** Provided data follows **

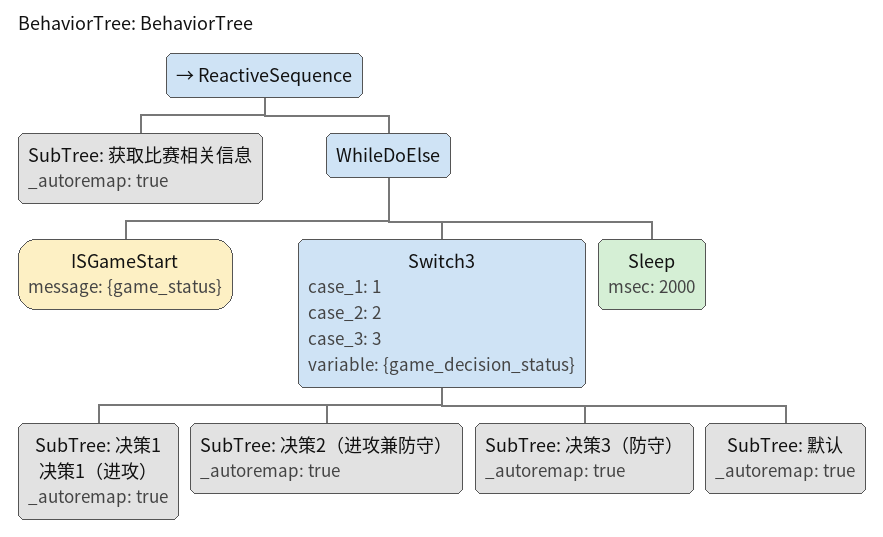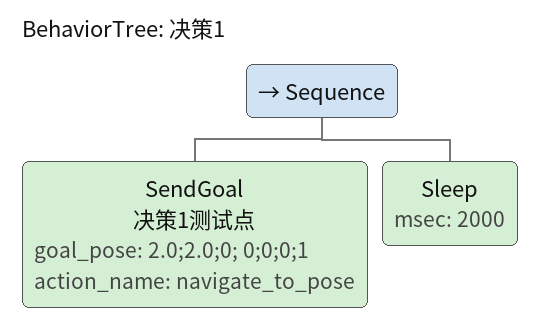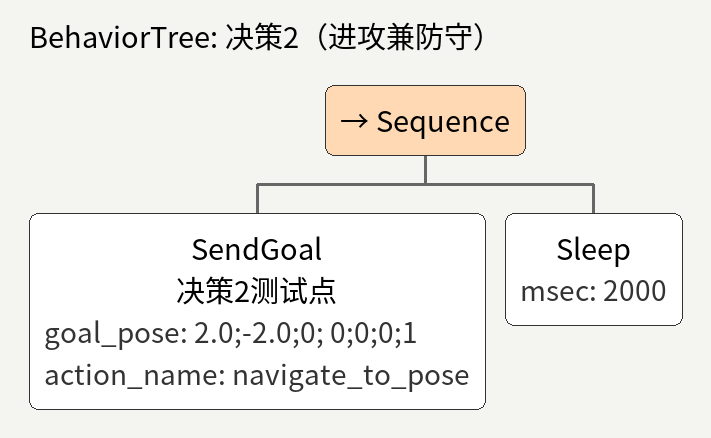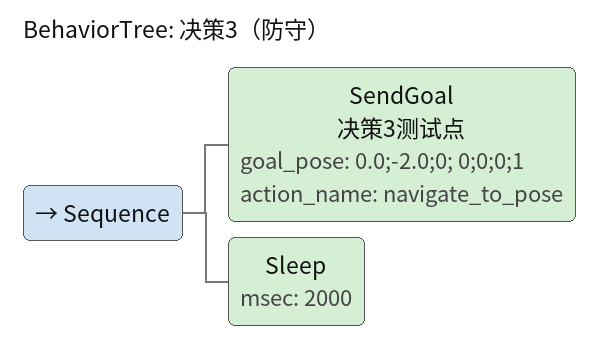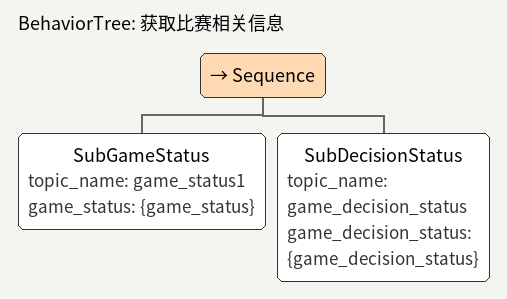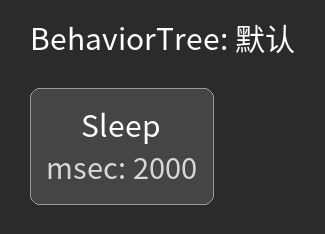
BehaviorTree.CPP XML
<?xml version="1.0" encoding="UTF-8"?>
<root BTCPP_format="4"
      main_tree_to_execute="BehaviorTree">
  <BehaviorTree ID="BehaviorTree">
    <ReactiveSequence>
      <SubTree ID="获取比赛相关信息"
               _autoremap="true"/>
      <WhileDoElse>
        <ISGameStart message="{game_status}"/>
        <Switch3 case_1="1"
                 case_2="2"
                 case_3="3"
                 variable="{game_decision_status}">
          <SubTree ID="决策1"
                   name="决策1（进攻）"
                   _autoremap="true"/>
          <SubTree ID="决策2（进攻兼防守）"
                   _autoremap="true"/>
          <SubTree ID="决策3（防守）"
                   _autoremap="true"/>
          <SubTree ID="默认"
                   _autoremap="true"/>
        </Switch3>
        <Sleep msec="2000"/>
      </WhileDoElse>
    </ReactiveSequence>
  </BehaviorTree>

  <BehaviorTree ID="决策1">
    <Sequence>
      <SendGoal name="决策1测试点"
                goal_pose="2.0;2.0;0; 0;0;0;1"
                action_name="navigate_to_pose"/>
      <Sleep msec="2000"/>
    </Sequence>
  </BehaviorTree>

  <BehaviorTree ID="决策2（进攻兼防守）">
    <Sequence>
      <SendGoal name="决策2测试点"
                goal_pose="2.0;-2.0;0; 0;0;0;1"
                action_name="navigate_to_pose"/>
      <Sleep msec="2000"/>
    </Sequence>
  </BehaviorTree>

  <BehaviorTree ID="决策3（防守）">
    <Sequence>
      <SendGoal name="决策3测试点"
                goal_pose="0.0;-2.0;0; 0;0;0;1"
                action_name="navigate_to_pose"/>
      <Sleep msec="2000"/>
    </Sequence>
  </BehaviorTree>

  <BehaviorTree ID="获取比赛相关信息">
    <Sequence>
      <SubGameStatus topic_name="game_status1"
                     game_status="{game_status}"/>
      <SubDecisionStatus topic_name="game_decision_status"
                         game_decision_status="{game_decision_status}"/>
    </Sequence>
  </BehaviorTree>

  <BehaviorTree ID="默认">
    <Sleep msec="2000"/>
  </BehaviorTree>

</root>

** End of Provided data **

### [Activity]
All records above must be output exactly as they stand, excluding pictures.

### [Answer space]
BehaviorTree.CPP XML
<?xml version="1.0" encoding="UTF-8"?>
<root BTCPP_format="4"
      main_tree_to_execute="BehaviorTree">
  <BehaviorTree ID="BehaviorTree">
    <ReactiveSequence>
      <SubTree ID="获取比赛相关信息"
               _autoremap="true"/>
      <WhileDoElse>
        <ISGameStart message="{game_status}"/>
        <Switch3 case_1="1"
                 case_2="2"
                 case_3="3"
                 variable="{game_decision_status}">
          <SubTree ID="决策1"
                   name="决策1（进攻）"
                   _autoremap="true"/>
          <SubTree ID="决策2（进攻兼防守）"
                   _autoremap="true"/>
          <SubTree ID="决策3（防守）"
                   _autoremap="true"/>
          <SubTree ID="默认"
                   _autoremap="true"/>
        </Switch3>
        <Sleep msec="2000"/>
      </WhileDoElse>
    </ReactiveSequence>
  </BehaviorTree>

  <BehaviorTree ID="决策1">
    <Sequence>
      <SendGoal name="决策1测试点"
                goal_pose="2.0;2.0;0; 0;0;0;1"
                action_name="navigate_to_pose"/>
      <Sleep msec="2000"/>
    </Sequence>
  </BehaviorTree>

  <BehaviorTree ID="决策2（进攻兼防守）">
    <Sequence>
      <SendGoal name="决策2测试点"
                goal_pose="2.0;-2.0;0; 0;0;0;1"
                action_name="navigate_to_pose"/>
      <Sleep msec="2000"/>
    </Sequence>
  </BehaviorTree>

  <BehaviorTree ID="决策3（防守）">
    <Sequence>
      <SendGoal name="决策3测试点"
                goal_pose="0.0;-2.0;0; 0;0;0;1"
                action_name="navigate_to_pose"/>
      <Sleep msec="2000"/>
    </Sequence>
  </BehaviorTree>

  <BehaviorTree ID="获取比赛相关信息">
    <Sequence>
      <SubGameStatus topic_name="game_status1"
                     game_status="{game_status}"/>
      <SubDecisionStatus topic_name="game_decision_status"
                         game_decision_status="{game_decision_status}"/>
    </Sequence>
  </BehaviorTree>

  <BehaviorTree ID="默认">
    <Sleep msec="2000"/>
  </BehaviorTree>

</root>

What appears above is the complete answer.